Medical Diagnosis System

• Performance Measure: Healthy patients, minimal costs, and avoiding lawsuits.

• Environment: Hospital setting with patients and staff.

• Actuators: Displays for diagnostic and treatment information.

• Sensors: Inputs for symptoms and patient responses.

Part Picking Robot

• Performance Measure: Success rate of parts sorted into correct bins.

• Environment: Conveyor belt with parts and bins.

• Actuators: Robotic arm movement.

• Sensors: Cameras and joint angle detectors.

Online English Tutor

• Performance Measure: Students’ test scores.

• Environment: Engaging with learners.

• Actuators: Displays for exercises and suggestions.

• Sensors: Input through keyboard entries.

Types of Environments

• Fully Observable vs. Partially Observable:

  • Fully observable environments provide complete visibility for agents.

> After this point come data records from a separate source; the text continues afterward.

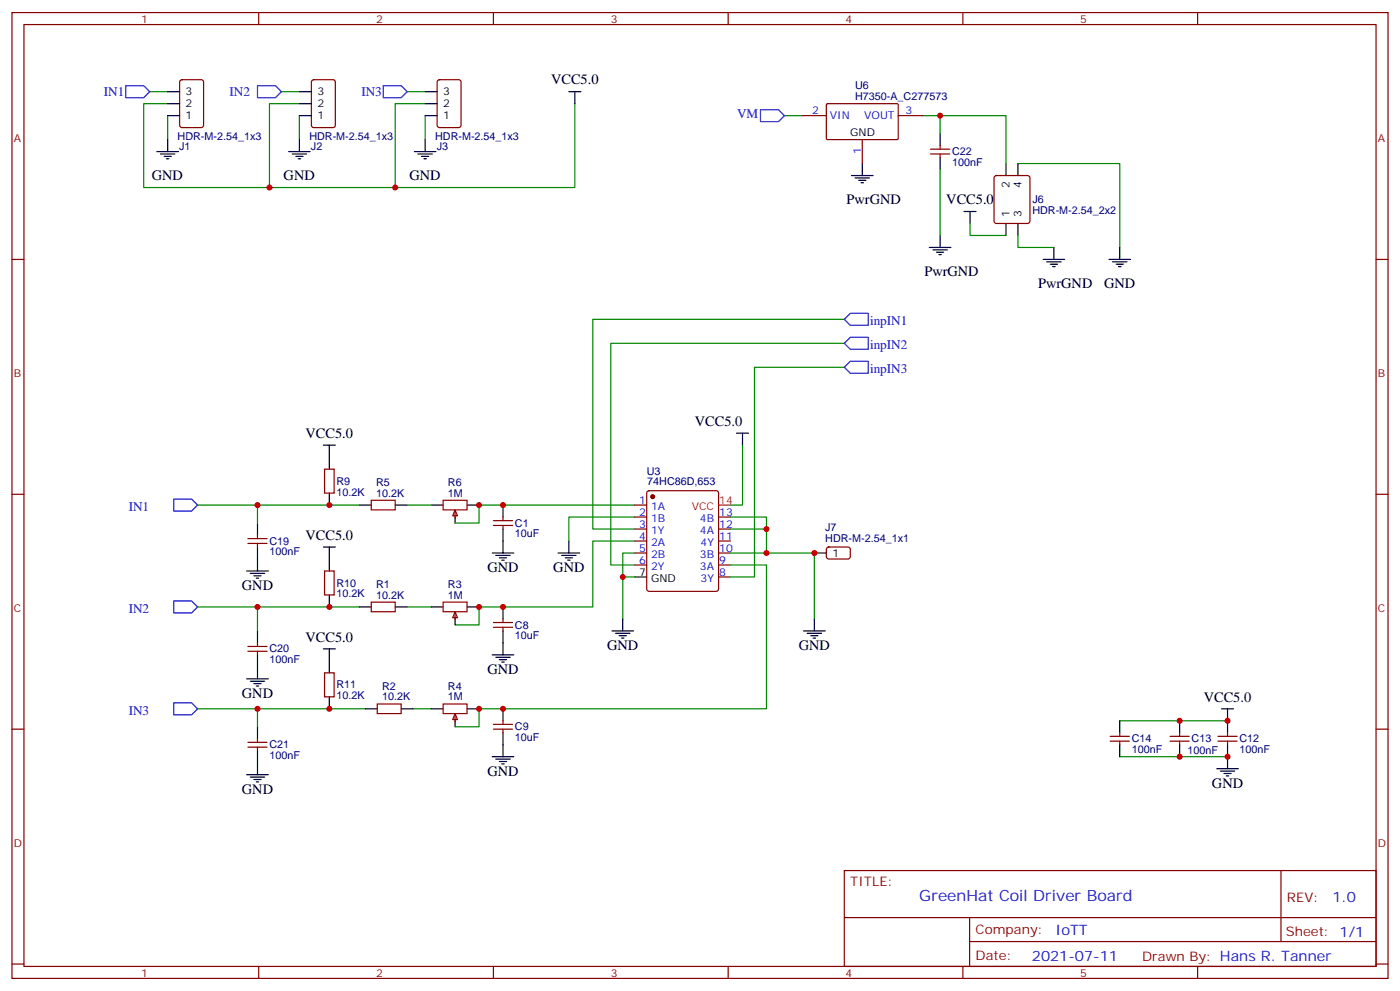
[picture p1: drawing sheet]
<svg xmlns="http://www.w3.org/2000/svg" width="412mm" height="292mm" viewBox="0 0 412 292" stroke-linecap="round" stroke-linejoin="round" font-family="sans-serif">
<g fill="none" stroke="#870000" stroke-width=".35">
<path d="M3.5 3.7h405.4v284.3h-405.4zM7.1 7.2h398.2v277.3h-398.2zM76.2 3.7v3.5M145.3 3.7v3.5M214.5 3.7v3.5M283.6 3.7v3.5M352.8 3.7v3.5M53.2 23.7l.4-.2h5.7l.6 .4 .1 13-.5 .6-5.9 .1-.6-.5-.1-12.9zM92 23.7l.4-.2h5.7l.6 .4 .1 13-.5 .6-5.9 .1-.6-.5-.1-12.9zM129 23.7l.5-.2h5.6l.7 .4v13l-.4 .6-5.9 .1-.7-.5v-12.9zM236.4 34h7M243.5 30.7l.3-.2 20.6 .1 .2 .3-.1 10-.3 .2-20.6-.1-.2-.3z"/>
<path d="M264.6 34h7M254 41.1v7.1M274.1 45.3h5.7M274.1 43.9h5.7M276.9 42.9v1M276.9 45.3v1.1M293 51.9l.5-.2h9.2l.5 .2 .2 .5v12.7l-.2 .5-.5 .2h-9.2l-.5-.2-.2-.5v-12.7zM3.5 76.4h3.6M405.3 76.4h3.6M95.6 138.1h2.8v7.1h-2.8zM3.5 145.5h3.6M73 160h5.7"/>
<path d="M73 158.6h5.7M75.8 157.5v1.1M75.8 160v1M109.4 147.3h7v2.8h-7zM134.1 150.1l.7 1.8h-1.5zM134.1 150.5v2.1M145.3 154.7h5.7M145.3 153.3h5.7M148.2 152.2v1.1M148.2 154.7v1.1M187 148.7h3.5M187 152.2h3.5"/>
<path d="M187 155.8h3.5M187 159.3h3.5M190.7 144.7l.5-.2h19.8l.5 .2 .2 .5v28.2l-.3 .5-.4 .2h-19.8l-.5-.2-.2-.5v-28.2zM211.7 152.2h3.5M211.7 155.8h3.5M211.7 159.3h3.5M405.3 145.5h3.6M95.6 168.1h2.8v7.1h-2.8zM109.4 177.3h7v2.8h-7zM187 162.8h3.5M187 166.3h3.5M211.7 162.8h3.5"/>
<path d="M211.7 166.3h3.5M211.7 169.9h3.5M243.7 161.2l.4-.2 5.9 .1 .5 .6-.1 2.4-.6 .5-6-.1-.4-.6v-2.2zM73 191.7h5.7M73 190.3h5.7M75.8 189.3v1M75.8 191.7v1.1M95.6 198.1h2.8v7h-2.8zM134.1 180.1l.7 1.8h-1.5zM134.1 180.4v2.2M145.3 184.7h5.7M145.3 183.3h5.7"/>
<path d="M148.2 182.2v1.1M148.2 184.7v1M3.5 214.7h3.6M73 220h5.7M73 218.5h5.7M75.8 217.5v1M75.8 220v1M111.1 207.3h7.1v2.8h-7.1zM134.1 210.1l.7 1.7h-1.5zM134.1 210.4v2.1M145.3 214.7h5.7M145.3 213.3h5.7"/>
<path d="M148.2 212.2v1.1M148.2 214.7v1M327 218.2h5.7M327 216.8h5.7M329.8 215.7v1.1M329.8 218.2v1.1M344.7 218.2h5.6M344.7 216.8h5.6M347.5 215.7v1.1M347.5 218.2v1.1M358.8 218.2h5.6M358.8 216.8h5.6"/>
<path d="M361.6 215.7v1.1M361.6 218.2v1.1M405.3 214.7h3.6M248.7 256.3h156.6v28.2h-156.6zM377.3 256.3v20.9M248.7 270.1h156.5M285.6 277.2h119.6M285.6 270.1v14.2M3.5 283.8h3.6M76.2 284.5v3.5M145.3 284.5v3.5M214.5 284.5v3.5"/>
<path d="M283.6 284.5v3.5M352.8 284.5v3.5M405.3 283.8h3.6"/>
</g>
<g fill="none" stroke="#008700" stroke-width=".35">
<path d="M44.1 27h5.3M49.4 30.5h-7.1v24.7h127v-24.7M49.4 34v7.1M82.9 27h5.3M88.2 30.5h-8.8v24.7M88.2 34v7.1M119.9 27h5.3M125.2 30.5h-8.8v24.7M125.2 34v7.1M231.1 34h5.3M271.6 34h24.7v14.2M276.9 34v5.3"/>
<path d="M276.9 49.9v19.4M299.9 48.2h29.9v24.6M285.8 65.8v3.5h10.5M299.9 69.3v3.5h10.5M248.7 94h-74.1v61.8h12.4M248.7 101.1h-68.8v65.2h7.1M248.7 108.1h-26.5v61.8h-7M218.7 131.1v17.6h-3.5M58.2 148.7h47.6M75.8 148.7v5.3M119.9 148.7h7.1M187 159.3h-12.4v19.4h-33.5v5.3h-7"/>
<path d="M187 152.2h-19.4v7.1M187 148.7h-45.9v5.3h-7M215.2 152.2h10.6v10.6M215.2 155.8h10.6M58.2 178.7h47.6M75.8 178.7v7M119.9 178.7h7.1M183.4 169.9h3.6M187 162.8h-3.6v19.4M215.2 162.8h24.7v19.4M215.2 166.3h10.6v42.4h-84.7v5.3h-7M58.2 208.7h49.4"/>
<path d="M75.8 208.7v5.3M121.7 208.7h5.3M329.8 212.2h31.8M329.8 222.8h31.8"/>
</g>
<g fill="none" stroke="#000" stroke-width=".35">
<path d="M49.4 27h3.5M49.4 34h3.5M49.4 30.5h3.5M88.2 27h3.5M88.2 34h3.5M88.2 30.5h3.5M125.2 27h3.6M125.2 34h3.6M125.2 30.5h3.6M167.6 27h3.5M169.3 27v3.5M276.9 39.3v3.6"/>
<path d="M46.2 44.6h6.4M47.3 45.3h4.2M48.3 46h2.1M49 46.7h.7M49.4 41.1v3.5M85 44.6h6.4M86.1 45.3h4.2M87.1 46h2.2M87.8 46.7h.7M88.2 41.1v3.5M122.1 44.6h6.3M123.1 45.3h4.3"/>
<path d="M124.2 46h2.1M124.9 46.7h.7M125.2 41.1v3.5M250.8 51.7h6.4M251.9 52.4h4.2M252.9 53.1h2.2M253.6 53.8h.8M254 48.2v3.5M276.9 46.4v3.5M296.3 48.2v3.5M299.9 48.2v3.5M273.8 72.8h6.3"/>
<path d="M274.8 73.6h4.2M275.9 74.3h2.1M276.6 75h.7M276.9 69.3v3.5M284 62.3h3.5M285.8 62.3v3.5M296.3 65.8v3.5M299.9 65.8v3.5M307.3 76.4h6.3M308.3 77.1h4.3M309.4 77.8h2.1M310.1 78.5h.7"/>
<path d="M310.4 72.8v3.6M326.7 76.4h6.3M327.7 77.1h4.3M328.8 77.8h2.1M329.5 78.5h.7M329.8 72.8v3.6M95.2 131.1h3.6M97 131.1v7M217 127.5h3.5M218.7 127.5v3.6M75.8 154v3.5M97 145.2v3.5"/>
<path d="M105.8 148.7h3.6M116.4 148.7h3.5M127 148.7h3.5M134.1 152.2v1.8M137.6 148.7h3.5M148.2 148.7v3.5M148.2 155.8v7M167.6 159.3v3.5M72.7 168.1h6.3M73.7 168.8h4.3M74.8 169.5h2.1M75.5 170.2h.7"/>
<path d="M75.8 161v7.1M95.2 161h3.6M97 161v7.1M97 175.2v3.5M105.8 178.7h3.6M116.4 178.7h3.5M127 178.7h3.5M137.6 178.7h3.5M145 162.8h6.3M146 163.5h4.3M147.1 164.2h2.1M147.8 164.9h.7"/>
<path d="M148.2 178.7v3.5M164.4 162.8h6.3M165.5 163.5h4.2M166.5 164.2h2.1M167.2 164.9h.7M187 169.9h3.5M239.9 162.8h3.5M72.7 199.8h6.3M75.8 185.7v3.6M75.8 192.8v7M95.2 191h3.6M97 191v7.1"/>
<path d="M134.1 182.2v1.8M145 192.8h6.3M146 193.5h4.3M147.1 194.2h2.1M147.8 194.9h.7M148.2 185.7v7.1M180.3 185.7h6.3M181.3 186.4h4.3M182.4 187.1h2.1M183.1 187.9h.7M183.4 182.2v3.5M236.7 185.7h6.4"/>
<path d="M237.8 186.4h4.2M238.8 187.1h2.1M239.5 187.9h.7M239.9 182.2v3.5M73.7 200.6h4.3M74.8 201.3h2.1M75.5 202h.7M75.8 214v3.5M97 205.1v3.6M107.6 208.7h3.5M118.2 208.7h3.5M127 208.7h3.5"/>
<path d="M134.1 212.2v1.8M137.6 208.7h3.5M148.2 208.7v3.5M148.2 215.7v7.1M329.8 212.2v3.5M329.8 219.3v3.5M347.5 212.2v3.5M347.5 219.3v3.5M359.8 208.7h3.6M361.6 208.7v7M361.6 219.3v7M72.7 228.1h6.3"/>
<path d="M73.7 228.8h4.3M74.8 229.5h2.1M75.5 230.2h.7M75.8 221v7.1M145 222.8h6.3M146 223.5h4.3M147.1 224.2h2.1M147.8 224.9h.7M358.4 226.3h6.4M359.5 227h4.2M360.5 227.7h2.2M361.2 228.4h.7"/>
</g>
<path d="M37 25.2h5.3l1.8 1.8-1.8 1.8h-5.3zM75.8 25.2h5.3l1.8 1.8-1.8 1.8h-5.3zM112.9 25.2h5.3l1.7 1.8-1.7 1.8h-5.3zM224 32.3h5.3l1.8 1.7-1.8 1.8h-5.3zM250.5 99.3h5.3v3.5h-5.3l-1.8-1.7zM250.5 92.3h5.3v3.5h-5.3l-1.8-1.8zM250.5 106.4h5.3v3.5h-5.3l-1.8-1.8zM51.2 146.9h5.2l1.8 1.8-1.8 1.8h-5.2zM51.2 176.9h5.2l1.8 1.8-1.8 1.7h-5.2zM51.2 206.9h5.2l1.8 1.8-1.8 1.7h-5.2z" fill="none" stroke="#00f" stroke-width=".35"/>
<path d="M130.5 147.3h7.1v2.8h-7.1zM130.5 177.3h7.1v2.8h-7.1zM130.5 207.3h7.1v2.8h-7.1z" fill="none" stroke="#a10000" stroke-width=".35"/>
<circle cx="192.3" cy="146.2" r=".53" fill="#870000" stroke="#870000" stroke-width=".35"/>
<path d="M211.7 148.7h3.5" fill="none" stroke="#f00" stroke-width=".35"/>
<g fill="#c00">
<circle cx="79.4" cy="55.2" r=".88"/>
<circle cx="116.4" cy="55.2" r=".88"/>
<circle cx="141.1" cy="208.7" r=".88"/>
<circle cx="183.4" cy="169.9" r=".88"/>
<circle cx="148.2" cy="208.7" r=".88"/>
<circle cx="148.2" cy="178.7" r=".88"/>
<circle cx="148.2" cy="148.7" r=".88"/>
<circle cx="141.1" cy="148.7" r=".88"/>
<circle cx="141.1" cy="178.7" r=".88"/>
<circle cx="225.8" cy="162.8" r=".88"/>
<circle cx="225.8" cy="155.8" r=".88"/>
<circle cx="239.9" cy="162.8" r=".88"/>
<circle cx="361.6" cy="212.2" r=".88"/>
<circle cx="347.5" cy="212.2" r=".88"/>
<circle cx="347.5" cy="222.8" r=".88"/>
<circle cx="361.6" cy="222.8" r=".88"/>
<circle cx="97" cy="178.7" r=".88"/>
<circle cx="97" cy="148.7" r=".88"/>
<circle cx="97" cy="208.7" r=".88"/>
<circle cx="75.8" cy="148.7" r=".88"/>
<circle cx="75.8" cy="178.7" r=".88"/>
<circle cx="75.8" cy="208.7" r=".88"/>
<circle cx="276.9" cy="34" r=".88"/>
</g>
<text font-size="4.6" fill="#00f" x="270.8" y="265.3">GreenHat Coil Driver Board</text>
<g font-size="4.2">
<text x="162.3" y="24.9">VCC5.0</text>
<text x="44.7" y="53.1">GND</text>
<text x="83.6" y="53.1">GND</text>
<text x="120.6" y="53.1">GND</text>
<text x="249.4" y="60.1">PwrGND</text>
<text x="278.8" y="60.1">VCC5.0</text>
<text x="272.3" y="81.3">PwrGND</text>
<text x="305.8" y="84.8">PwrGND</text>
<text x="325.2" y="84.8">GND</text>
<text x="204.7" y="125.4">VCC5.0</text>
<text x="90" y="128.9">VCC5.0</text>
<text x="90" y="158.9">VCC5.0</text>
<text x="71.3" y="173.7">GND</text>
<text x="143.6" y="168.5">GND</text>
<text x="163" y="168.5">GND</text>
<text x="90" y="188.9">VCC5.0</text>
<text x="178.9" y="191.4">GND</text>
<text x="235.3" y="191.4">GND</text>
<text x="143.6" y="198.4">GND</text>
<text x="71.3" y="205.5">GND</text>
<text x="354.6" y="206.6">VCC5.0</text>
<text x="71.3" y="233.7">GND</text>
<text x="143.6" y="228.4">GND</text>
<text x="357" y="232">GND</text>
</g>
<g font-size="4.2" fill="#00f">
<text x="392.5" y="265.6">1.0</text>
<text x="310.9" y="275.1">IoTT</text>
<text x="304" y="282.9">2021-07-11</text>
</g>
<g font-size="3.9" fill="#00f">
<text x="30.6" y="28.2">IN1</text>
<text x="67.6" y="28.2">IN2</text>
<text x="106.4" y="28.2">IN3</text>
<text x="217.1" y="34.7">VM</text>
<text x="256.3" y="95.8">inpIN1</text>
<text x="256.3" y="102.8">inpIN2</text>
<text x="256.3" y="109.9">inpIN3</text>
<text x="37.9" y="150.5">IN1</text>
<text x="37.9" y="180.5">IN2</text>
<text x="37.9" y="210.4">IN3</text>
</g>
<g font-size="3.9" fill="#800">
<text x="250.5" y="260.9">TITLE:</text>
<text x="379.1" y="265.6">REV:</text>
<text x="287.4" y="275.1">Company:</text>
<text x="378.7" y="275.7">Sheet: 1/1</text>
<text x="287.4" y="282.8">Date:</text>
<text x="336.4" y="282.8">Drawn By: Hans R. Tanner</text>
</g>
<g font-size="3.2" fill="#800">
<text x="41.6" y="6.7">1</text>
<text x="110.8" y="6.7">2</text>
<text x="179.9" y="6.7">3</text>
<text x="249.1" y="6.7">4</text>
<text x="318.2" y="6.7">5</text>
<text x="4.1" y="41.8">A</text>
<text x="405.9" y="41.8">A</text>
<text x="4.1" y="110.9">B</text>
<text x="405.9" y="110.9">B</text>
<text x="4.1" y="180.1">C</text>
<text x="405.9" y="180.1">C</text>
<text x="4.1" y="249.2">D</text>
<text x="405.9" y="249.2">D</text>
<text x="41.6" y="287.5">1</text>
<text x="110.8" y="287.5">2</text>
<text x="179.9" y="287.5">3</text>
<text x="249.1" y="287.5">4</text>
<text x="318.2" y="287.5">5</text>
</g>
<g font-size="3.2">
<text x="54.7" y="28">3</text>
<text x="93.5" y="28">3</text>
<text x="130.5" y="28">3</text>
<text x="54.7" y="35.1">1</text>
<text x="54.7" y="31.6">2</text>
<text x="93.5" y="35.1">1</text>
<text x="93.5" y="31.6">2</text>
<text x="130.5" y="35.1">1</text>
<text x="130.5" y="31.6">2</text>
<text x="250.5" y="40.2">GND</text>
<text x="297.4" y="55.5" transform="rotate(-90 297.4 55.5)">2</text>
<text x="300.9" y="55.5" transform="rotate(-90 300.9 55.5)">4</text>
<text x="297.4" y="64" transform="rotate(-90 297.4 64)">1</text>
<text x="300.9" y="64" transform="rotate(-90 300.9 64)">3</text>
<text x="245.2" y="163.9">1</text>
<text x="188.3" y="169.5">7</text>
<text x="191.8" y="171.3">GND</text>
</g>
<g font-size="3.2" fill="#000080">
<text x="251.9" y="29.5">H7350-A_C277573</text>
<text x="251.9" y="26.3">U6</text>
<text x="52.3" y="41.1">HDR-M-2.54_1x3</text>
<text x="91.1" y="41.1">HDR-M-2.54_1x3</text>
<text x="128.2" y="41.1">HDR-M-2.54_1x3</text>
<text x="52.8" y="44">J1</text>
<text x="91.6" y="44">J2</text>
<text x="128.6" y="44">J3</text>
<text x="280.5" y="45.7">C22</text>
<text x="280.5" y="48.9">100nF</text>
<text x="304.1" y="59.8">J6</text>
<text x="304.1" y="63">HDR-M-2.54_2x2</text>
<text x="99.1" y="142.7">R9</text>
<text x="110.8" y="143.1">R5</text>
<text x="132" y="143.1">R6</text>
<text x="190.5" y="139.9">U3</text>
<text x="190.7" y="142.7">74HC86D,653</text>
<text x="99.1" y="145.9">10.2K</text>
<text x="110.8" y="146.2">10.2K</text>
<text x="132" y="146.2">1M</text>
<text x="151.7" y="155">C1</text>
<text x="79.4" y="160.3">C19</text>
<text x="151.7" y="158.2">10uF</text>
<text x="243.1" y="159.6">HDR-M-2.54_1x1</text>
<text x="243.1" y="156.5">J7</text>
<text x="79.4" y="163.5">100nF</text>
<text x="99.1" y="172.7">R10</text>
<text x="110.8" y="173">R1</text>
<text x="132" y="173">R3</text>
<text x="99.1" y="175.9">10.2K</text>
<text x="110.8" y="176.2">10.2K</text>
<text x="132" y="176.2">1M</text>
<text x="151.7" y="185">C8</text>
<text x="151.7" y="188.2">10uF</text>
<text x="79.4" y="195.3">100nF</text>
<text x="79.4" y="192.1">C20</text>
<text x="99.1" y="202.7">R11</text>
<text x="112.6" y="203">R2</text>
<text x="132" y="203">R4</text>
<text x="99.1" y="205.8">10.2K</text>
<text x="112.5" y="206.2">10.2K</text>
<text x="132" y="206.2">1M</text>
<text x="151.7" y="215">C9</text>
<text x="79.4" y="220.3">C21</text>
<text x="151.7" y="218.2">10uF</text>
<text x="333.4" y="221.7">100nF</text>
<text x="333.4" y="218.5">C14</text>
<text x="351" y="218.5">C13</text>
<text x="365.1" y="221.7">100nF</text>
<text x="365.1" y="218.5">C12</text>
<text x="79.4" y="223.5">100nF</text>
<text x="349.8" y="222.1">100nF</text>
</g>
<g font-size="3.2" fill="#00f">
<text x="239.3" y="33.7">2</text>
<text x="244.5" y="35.1">VIN</text>
<text x="254.6" y="35.1">VOUT</text>
<text x="266.7" y="33.7">3</text>
<text x="253.6" y="45.2" transform="rotate(-90 253.6 45.2)">1</text>
<text x="188.3" y="148.3">1</text>
<text x="188.3" y="151.9">2</text>
<text x="188.3" y="155.4">3</text>
<text x="191.8" y="150.1">1A</text>
<text x="191.8" y="153.6">1B</text>
<text x="206.2" y="153.6">4B</text>
<text x="211.8" y="155.4">12</text>
<text x="211.8" y="151.9">13</text>
<text x="188.3" y="158.9">4</text>
<text x="191.8" y="157.2">1Y</text>
<text x="191.8" y="160.7">2A</text>
<text x="206.2" y="157.2">4A</text>
<text x="206.4" y="160.7">4Y</text>
<text x="211.8" y="158.9">11</text>
<text x="188.3" y="162.5">5</text>
<text x="188.3" y="166">6</text>
<text x="191.8" y="164.2">2B</text>
<text x="191.8" y="167.7">2Y</text>
<text x="206.2" y="164.2">3B</text>
<text x="206.2" y="167.7">3A</text>
<text x="211.8" y="166">9</text>
<text x="211.8" y="162.5">10</text>
<text x="206.4" y="171.3">3Y</text>
<text x="211.8" y="169.5">8</text>
</g>
<g font-size="3.2" fill="#f00">
<text x="211.8" y="148.3">14</text>
<text x="203.8" y="150.1">VCC</text>
</g>
</svg>

  • Partially observable environments leave gaps in the agent’s knowledge due to sensor limitations or noise.

• Deterministic vs. Stochastic:

  • Deterministic environments have predictable outcomes based on current state and actions.

  • Stochastic environments introduce unpredictability, such as traffic conditions in driving.

• Episodic vs. Sequential:

  • Episodic environments handle independent tasks; actions are evaluated in isolation.

  • Sequential environments are interdependent, where previous actions affect future choices.

• Static vs. Dynamic:

  • Static environments remain unchanged while the agent makes decisions; dynamic environments evolve simultaneously with the agent's actions.

• Discrete vs. Continuous:

  • Discrete environments feature defined states and actions.

  • Continuous environments involve fluid changes, like speed in driving scenarios.

• Single Agent vs. Multi-Agent:

  • Single agent scenarios involve one agent operating independently, while multi-agent environments involve interactions among agents, whether competitive or cooperative.

Structure of Agents

• An agent consists of architecture and a program:

  • Architecture: Computing device with sensors and actuators.

  • Program: Function implementing the agent mapping.

Types of Agent Programs

1. Simple Reflex / Reactive Agents: Based on current percepts with condition-action rules for decision making.

2. Model-Based Reflex Agents: Incorporate internal state knowledge to strategize in partially observable environments.

3. Goal-Based Agents: Utilize goals alongside knowledge of the environment for action selection.

4. Utility-Based Agents: Evaluate actions to maximize utility rather than merely achieving goals.

5. Learning Agents: Adapt based on previous experiences, capable of improving through learning mechanisms.

Learning Agents Core Components

• Learning Element: Adapts based on environmental feedback.

• Critic: Evaluates agent performance against standards; provides feedback.

• Performance Element: Executes external actions.

• Problem Generator: Suggests actions that promote new learning opportunities.